(Stored data entries)
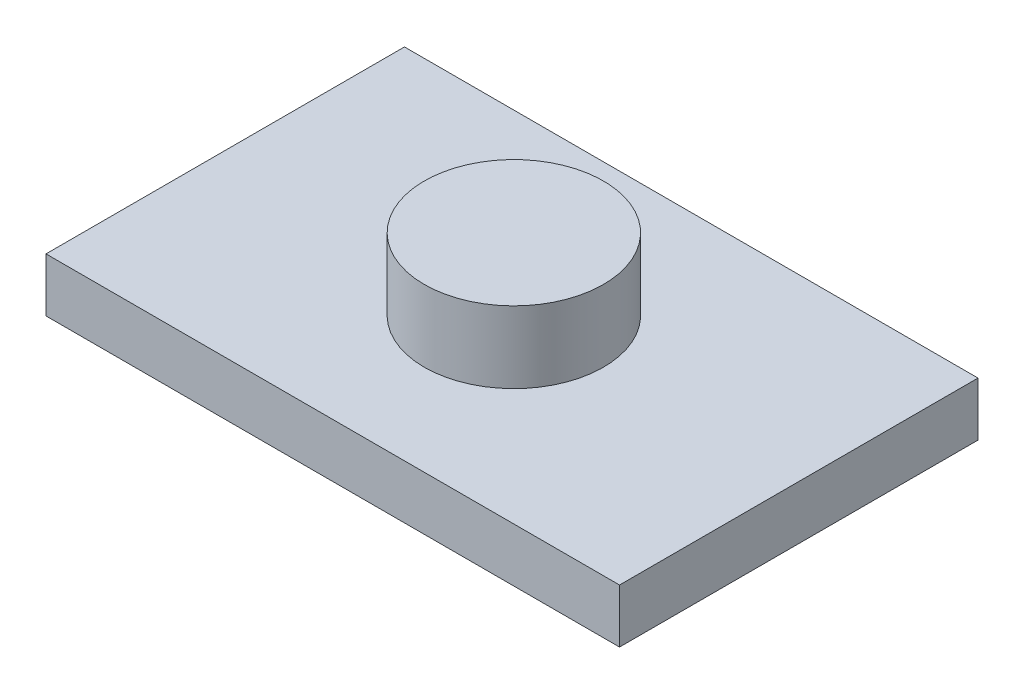
from build123d import *

# Parameters (mm, degrees)
SKETCH1_W   = 101.6
SKETCH1_H   = 63.5
PLATE_DEPTH = 9.525
SKETCH2_R   = 15.875
BOSS_DEPTH  = 12.7


with BuildPart() as part:
    # Sketch1 → Plate (new body)
    with BuildSketch(Plane(origin=(0, 0, 0), x_dir=(1, 0, 0), z_dir=(0, 1, 0))):
        with Locations((1845.670588235, 897.661764706)):
            Rectangle(SKETCH1_W, SKETCH1_H)
    extrude(amount=PLATE_DEPTH)

    # Sketch2 → Boss (add)
    with BuildSketch(Plane(origin=(0, 9.525, 0), x_dir=(1, 0, 0), z_dir=(0, 1, 0))):
        with Locations(Location((1845.765079399, 897.897992616, 0), (0, 0, 270))):
            Circle(SKETCH2_R)
    extrude(amount=BOSS_DEPTH)


solid = part.part

| Exercise description |
Please retype every record above exactly, leaving out the pictures.

| Answer for this exercise |
from build123d import *

# Parameters (mm, degrees)
SKETCH1_W   = 101.6
SKETCH1_H   = 63.5
PLATE_DEPTH = 9.525
SKETCH2_R   = 15.875
BOSS_DEPTH  = 12.7


with BuildPart() as part:
    # Sketch1 → Plate (new body)
    with BuildSketch(Plane(origin=(0, 0, 0), x_dir=(1, 0, 0), z_dir=(0, 1, 0))):
        with Locations((1845.670588235, 897.661764706)):
            Rectangle(SKETCH1_W, SKETCH1_H)
    extrude(amount=PLATE_DEPTH)

    # Sketch2 → Boss (add)
    with BuildSketch(Plane(origin=(0, 9.525, 0), x_dir=(1, 0, 0), z_dir=(0, 1, 0))):
        with Locations(Location((1845.765079399, 897.897992616, 0), (0, 0, 270))):
            Circle(SKETCH2_R)
    extrude(amount=BOSS_DEPTH)


solid = part.part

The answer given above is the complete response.